# National Library of Brazil



## EUAFU (Oct 5, 2020)

National Library of Brazil

This is no joke and it is the past of just over a hundred years ago. Do not believe?


Here is the National Library of Brazil, in Rio de Janeiro. Its collection is one of the largest in South America and one of the largest in the world. According to official data, the library dates from 1810, the year in which the Portuguese elite was evacuated from the European continent to Brazil due to the wars, when Portugal and Brazil were one state. Subsequently, the elite returned to Portugal, but the collection remained in Brazil. To house the collection, a building financed by the State was built in the period between 1905-1910 and is represented in the main photograph.

With few changes (at the time this article was written, that is, before the mysterious fire) it is still (was) used to house the library. It is a neoclassical style building, the existence of which, we must underline, is very common on all continents. In this library were kept two albums, one of which contained the photos of the construction period of the library and the other, as they say, the photos of its entry into operation. While watching them, I found some strange facts.




Construction of the National Library of Brazil building. Years 1905-1910.


Construction of the National Library of Brazil building. Years 1905-1910.




Construction of the National Library of Brazil building. Years 1905-1910.

As we can see, the pictures of the construction records were clearly not taken daily. Between the various phases of the work, several months passed, since the cranes do not appear in the photos. The magnitude of the construction is impressive. Hundreds of tons of metal have been spent. Would it be possible to build a building like this anywhere in Moscow? Probably yes, but the cost would certainly come close to the value of buildings in Moscow's most valuable region. Why, then, could Portugal, then a third world country, include in the budget the financing of a work like this? (In fact, Portugal has nothing to do with the construction of this work, Brazil was independent since 1822, the work is from the 20th century) Perhaps this is one of the mysteries that intrigues beginning economists.

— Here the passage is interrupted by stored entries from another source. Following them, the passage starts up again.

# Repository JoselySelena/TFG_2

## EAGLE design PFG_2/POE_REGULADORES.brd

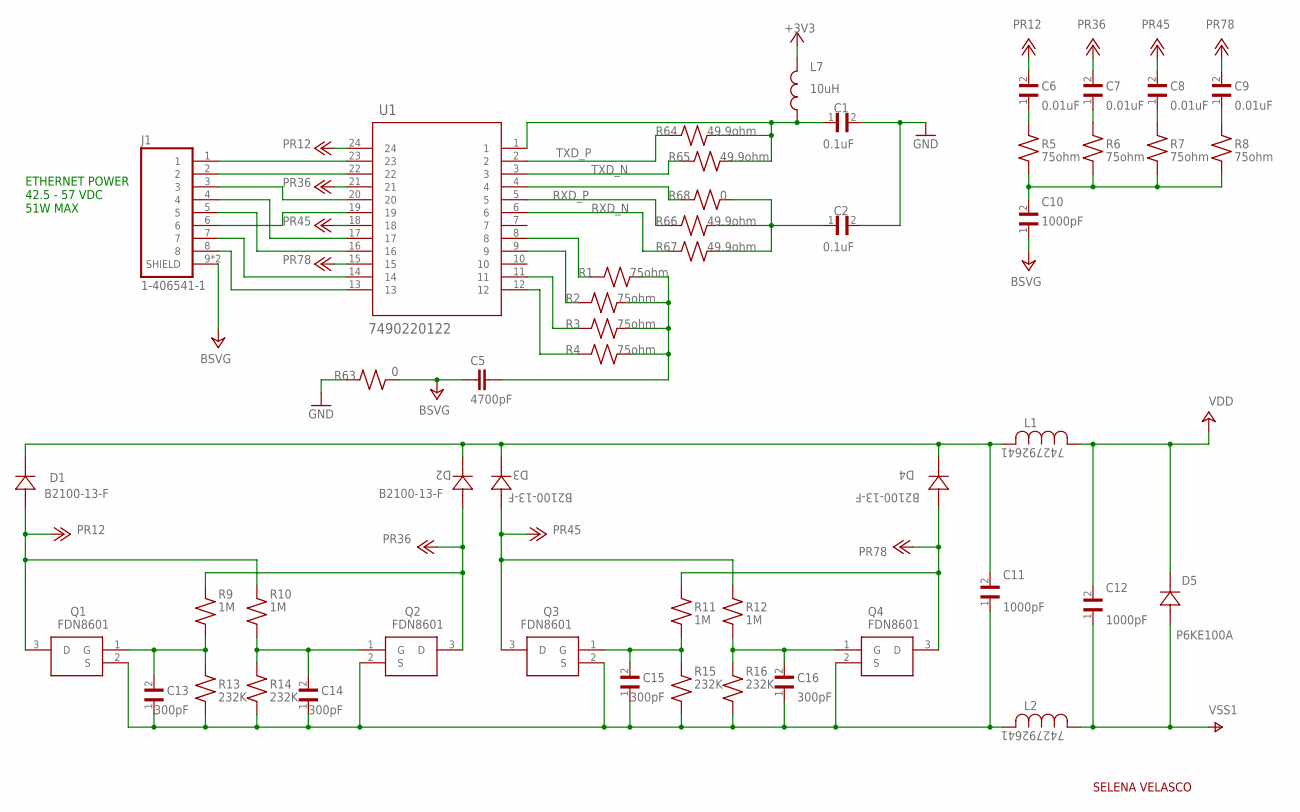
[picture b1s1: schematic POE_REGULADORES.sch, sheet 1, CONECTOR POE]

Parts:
C1, C2: 0.1uF; CAPC3316X98N
C5: 4700pF; C4532
C6, C7, C8, C9: 0.01uF; CAPC3316X98N
C10: 1000pF; CAPC4520X150N
C11, C12: 1000pF; CAPC3316X98N
C13, C14, C15, C16: 300pF; CAPC3316X98N
D1, D2, D3, D4: B2100-13-F; SMB_DIO
D5: P6KE100A; P6KESERIES_LTF
J1: 1-406541-1; CONN_1-406541-1
L1, L2: 742792641; IND_742792641_WRE
L7: 10uH; INDM3225X210N
Q1, Q2, Q3, Q4: FDN8601; SOT95P251X112-3N
R1, R2, R3, R4, R5, R6, R7, R8: 75ohm; RESC3116X65N
R9, R10, R11, R12: 1M; RESC3116X65N
R13, R14, R15, R16: 232K; RESC3116X65N
R63, R68: 0; RESC3116X65N
R64, R65, R66, R67: 49.9ohm; RESC3116X65N
U1: 7490220122; 7490220122_WRE

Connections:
+3V3: L7.2; also elsewhere on the board
BSVG: C5.1, C10.1, J1.9 (SHIELD), J1.10 (SHIELD), R63.1
GND: C1.2, C2.2, R63.2; also elsewhere on the board
unnamed: J1.1, U1.23
unnamed: J1.2, U1.22
unnamed: J1.3, U1.20
unnamed: J1.4, U1.17
unnamed: J1.5, U1.16
unnamed: J1.6, U1.19
unnamed: J1.7, U1.14
unnamed: J1.8, U1.13
unnamed: C14.2, Q2.1 (G), R10.1, R14.2
unnamed: C6.1, R5.2
unnamed: C7.1, R6.2
unnamed: C8.1, R7.2
unnamed: C9.1, R8.2
unnamed: C10.2, R5.1, R6.1, R7.1, R8.1
unnamed: R1.1, U1.8
unnamed: C5.2, R1.2, R2.2, R3.2, R4.2
unnamed: R2.1, U1.9
unnamed: R3.1, U1.11
unnamed: R4.1, U1.12
unnamed: C13.2, Q1.1 (G), R9.1, R13.2
unnamed: C15.2, Q3.1 (G), R11.1, R15.2
unnamed: C16.2, Q4.1 (G), R12.1, R16.2
unnamed: C11.2, D1.1, D2.1, D3.1, D4.1, L1.2
unnamed: C11.1, C13.1, C14.1, C15.1, C16.1, L2.2, Q1.2 (S), Q2.2 (S), Q3.2 (S), Q4.2 (S), R13.1, R14.1, R15.1, R16.1
unnamed: R68.1, U1.4
unnamed: C2.1, R66.2, R67.2, R68.2
PR12: C6.2, D1.2, Q1.3 (D), R10.2, U1.24
PR36: C7.2, D2.2, Q2.3 (D), R9.2, U1.21
PR45: C8.2, D3.2, Q3.3 (D), R12.2, U1.18
PR78: C9.2, D4.2, Q4.3 (D), R11.2, U1.15
RXD_N: R67.1, U1.6; also elsewhere on the board
RXD_P: R66.1, U1.5; also elsewhere on the board
TXD_CT: C1.1, L7.1, R64.2, R65.2, U1.1
TXD_N: R65.1, U1.3; also elsewhere on the board
TXD_P: R64.1, U1.2; also elsewhere on the board
VDD: C12.2, D5.1, L1.1; also elsewhere on the board
VSS1: C12.1, D5.2, L2.1; also elsewhere on the board

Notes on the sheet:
ETHERNET POWER 42.5 - 57 VDC 51W MAX
SELENA VELASCO

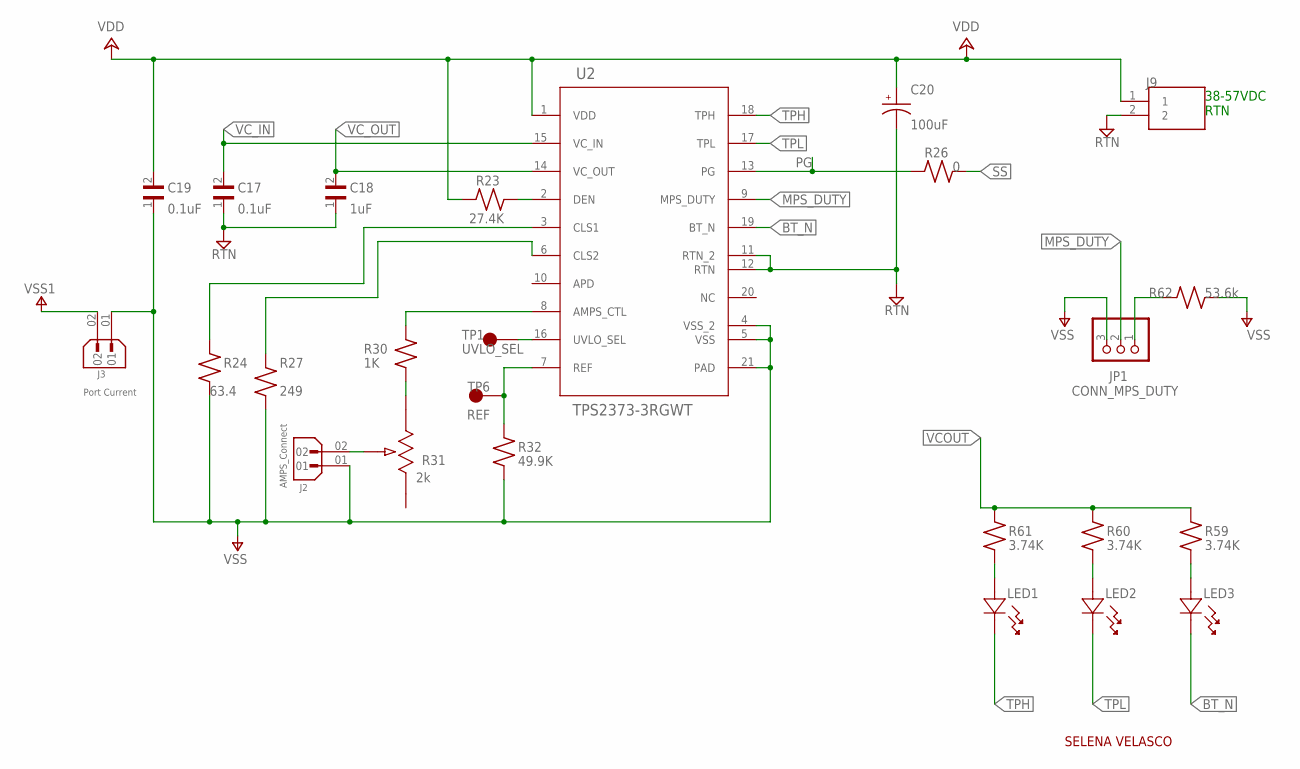
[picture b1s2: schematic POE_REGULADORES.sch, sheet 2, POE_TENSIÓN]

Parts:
C17, C19: 0.1uF; CAPC3316X98N
C18: 1uF; CAPC3316X98N
C20: 100uF; CAP_EEEFK1J470P
J2: AMPS_Connect; WURTH_61300211121
J3: Port Current; WURTH_61300211121
J9: TB001-500-02BE; CUI_TB001-500-02BE
JP1: CONN_MPS_DUTY; 1X03
LED1, LED2, LED3: BL-BGE1V1; BL-BGE1V1_AMB
R23: 27.4K; RESC3116X65N
R24: 63.4; RESC3116X65N
R26: 0; RESC3116X65N
R27: 249; RESC3116X65N
R30: 1K; RESC3116X65N
R31: 2k; POT_3386P
R32: 49.9K; RESC3116X65N
R59, R60, R61: 3.74K; RESC3116X65N
R62: 53.6k; RESC3116X65N
TP1: UVLO_SEL; KEYSTONE_5019
TP6: REF; KEYSTONE_5019
U2: TPS2373-3RGWT; RGW0020B

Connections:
BT_N: LED3.1, U2.19 (BT_N)
MPS_DUTY: JP1.2, U2.9 (MPS_DUTY)
unnamed: LED3.2, R59.1
unnamed: R24.2, U2.3 (CLS1)
unnamed: R27.2, U2.6 (CLS2)
unnamed: R32.2, TP6.TP, U2.7 (REF)
unnamed: R30.1, R31.3
unnamed: J2.02, R31.2
unnamed: R23.2, U2.2 (DEN)
unnamed: R30.2, U2.8 (AMPS_CTL)
unnamed: TP1.TP, U2.16 (UVLO_SEL)
unnamed: JP1.1, R62.2
unnamed: LED1.2, R61.1
unnamed: LED2.2, R60.1
PG: R26.1, U2.13 (PG); also elsewhere on the board
RTN: C17.1, C18.1, C20.2, J9.2, U2.11 (RTN_2), U2.12 (RTN); also elsewhere on the board
SS: R26.2; also elsewhere on the board
TPH: LED1.1, U2.18 (TPH)
TPL: LED2.1, U2.17 (TPL)
VCOUT: R59.2, R60.2, R61.2
VC_IN: C17.2, U2.15 (VC_IN)
VC_OUT: C18.2, U2.14 (VC_OUT)
VDD: C19.2, C20.1, J9.1, R23.1, U2.1 (VDD); also elsewhere on the board
VSS: C19.1, J2.01, J3.01, JP1.3, R24.1, R27.1, R32.1, R62.1, U2.4 (VSS_2), U2.5 (VSS), U2.21 (PAD)
VSS1: J3.02; also elsewhere on the board

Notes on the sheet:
SELENA VELASCO
38-57VDC RTN

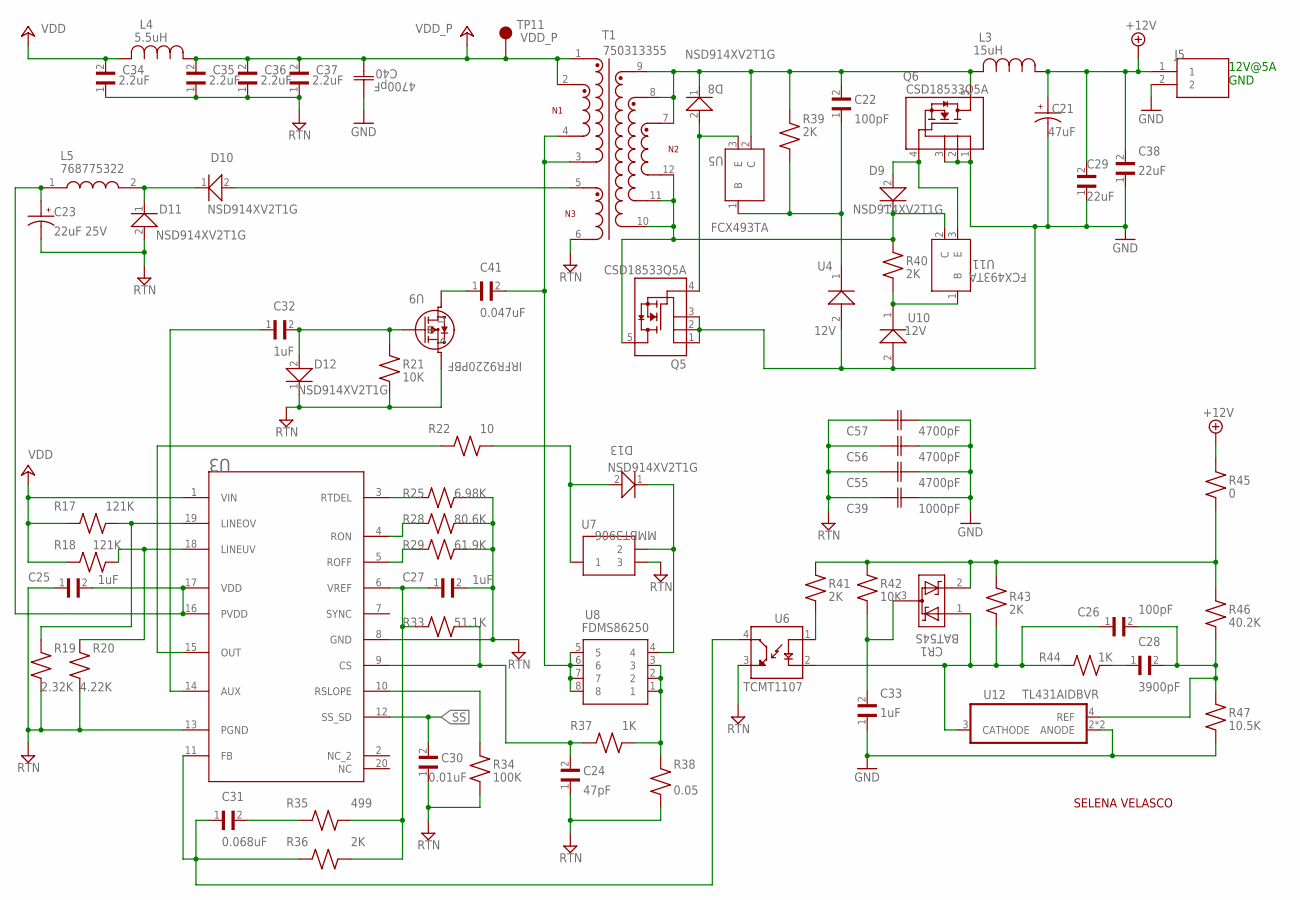
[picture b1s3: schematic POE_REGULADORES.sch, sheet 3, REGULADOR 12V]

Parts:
C21: 47uF; CAP_EEEFK1C470P
C22, C26: 100pF; CAPC3316X98N
C23: 22uF 25V; CAP_EEEFK1E220R
C24: 47pF; CAPC3316X98N
C25, C27, C32, C33: 1uF; CAPC3316X98N
C28: 3900pF; CAPC3316X98N
C29, C38: 22uF; CAPC3316X98N
C30: 0.01uF; CAPC3316X98N
C31: 0.068uF; CAPC3316X98N
C34, C35, C36, C37: 2.2uF; CAPC3316X98N
C39: 1000pF; CAP_1812_AVX
C40, C55, C56, C57: 4700pF; CAP_1812_AVX
C41: 0.047uF; CAPC3316X98N
CR1: BAT54S; SOT-23_TO-236_DTC
D8, D9, D10, D11, D12, D13: NSD914XV2T1G; SOD-523_0P9X1P3_ONS
J5: TB001-500-02BE; CUI_TB001-500-02BE
L3: 15uH; IND_1890_2-WE-HCI_WRE
L4: 5.5uH; IND_1050-WE-HCI_WRE
L5: 768775322
Q5, Q6: CSD18533Q5A; TRANS_CSD18533Q5A
R17, R18: 121K; RESC3116X65N
R19: 2.32K; RESC3116X65N
R20: 4.22K; RESC3116X65N
R21, R42: 10K; RESC3116X65N
R22: 10; RESC3116X65N
R25: 6.98K; RESC3116X65N
R28: 80.6K; RESC3116X65N
R29: 61.9K; RESC3116X65N
R33: 51.1K; RESC3116X65N
R34: 100K; RESC3116X65N
R35: 499; RESC3116X65N
R36, R39, R40, R41, R43: 2K; RESC3116X65N
R37, R44: 1K; RESC3116X65N
R38: 0.05; RESC3116X65N
R45: 0; RESC3116X65N
R46: 40.2K; RESC3116X65N
R47: 10.5K; RESC3116X65N
T1: 750313355; WE-POE++_EFD20_L29.65W21.8H11.43
TP11: VDD_P; KEYSTONE_5019
U3: UCC2897APW; PW0020A
U4, U10: 12V; SOD-123_ONS
U5, U11: FCX493TA; FCX493TA_DIO
U6: TCMT1107; SOIC127P700X230-4N
U7: MMBT3906; SOT-23-3_1P4X3P040_ONS
U8: FDMS86250; FDMS_86250_ONS
U9: IRFR9220PBF; DPAK_VIS
U12: TL431AIDBVR; SOT95P280X145-5N

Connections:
+12V: C21.1, C29.2, C38.2, J5.1, L3.1, R45.2; also elsewhere on the board
AUX: C32.1, U3.14 (AUX)
GND: C21.2, C29.1, C33.1, C38.1, C39.2, C40.1, C55.2, C56.2, C57.2, J5.2, Q5.1 (S_1), Q5.2 (S_2), Q5.3 (S_3), Q6.1 (S_1), Q6.2 (S_2), Q6.3 (S_3), R47.1, U4.2 (ANODE), U10.2 (ANODE), U12.2 (ANODE), U12.5 (ANODE); also elsewhere on the board
unnamed: D10.2 (ANODE), T1.5 (3)
unnamed: D8.2 (ANODE), Q5.4 (G), U5.3 (E)
unnamed: C22.2, D8.1 (CATHODE), L3.2, Q6.5 (D), R39.2, T1.7 (10), T1.8 (11), T1.9 (12), U5.2 (C)
unnamed: D13.2 (ANODE), R22.2, U7.1
unnamed: C26.2, C28.2, R46.1, R47.2, U12.4 (REF)
unnamed: C31.1, R36.1, U3.11 (FB), U6.4 (CT)
unnamed: C31.2, R35.1
unnamed: R41.1, U6.1 (A)
unnamed: R17.2, R19.2, U3.19 (LINEOV)
unnamed: R18.2, R20.2, U3.18 (LINEUV)
unnamed: R25.1, U3.3 (RTDEL)
unnamed: R28.1, U3.4 (RON)
unnamed: R29.1, U3.5 (ROFF)
unnamed: C24.2, R33.2, R37.1, U3.9 (CS)
unnamed: C27.1, R33.1, R35.2, R36.2, U3.6 (VREF)
unnamed: R34.2, U3.10 (RSLOPE)
unnamed: CR1.2 (CATHODE2), R41.2, R42.2, R43.2, R45.1, R46.2
unnamed: C28.1, R44.1
unnamed: R40.1, U10.1 (CATHODE), U11.1 (B)
unnamed: R37.2, R38.2, U8.1, U8.2, U8.3
unnamed: D10.1 (CATHODE), D11.1 (CATHODE), L5.2
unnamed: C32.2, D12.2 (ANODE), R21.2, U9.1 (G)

But let's anticipate discussions about St. Petersburg. Certainly a building like this could be built there at that time. Metal production in Russia reached an industrial level in the second half of the 19th century. So, if the building is built in bricks with a metallic structure like this, it has every chance of being from the end of the 19th century. But if stone blocks are used in place of bricks, including interior reinforcement (often existing), then it is necessary to date this construction at a time when it was still possible to make this metallic structure. According to historical material, at the time of Peter I of Russia it was not possible to do this.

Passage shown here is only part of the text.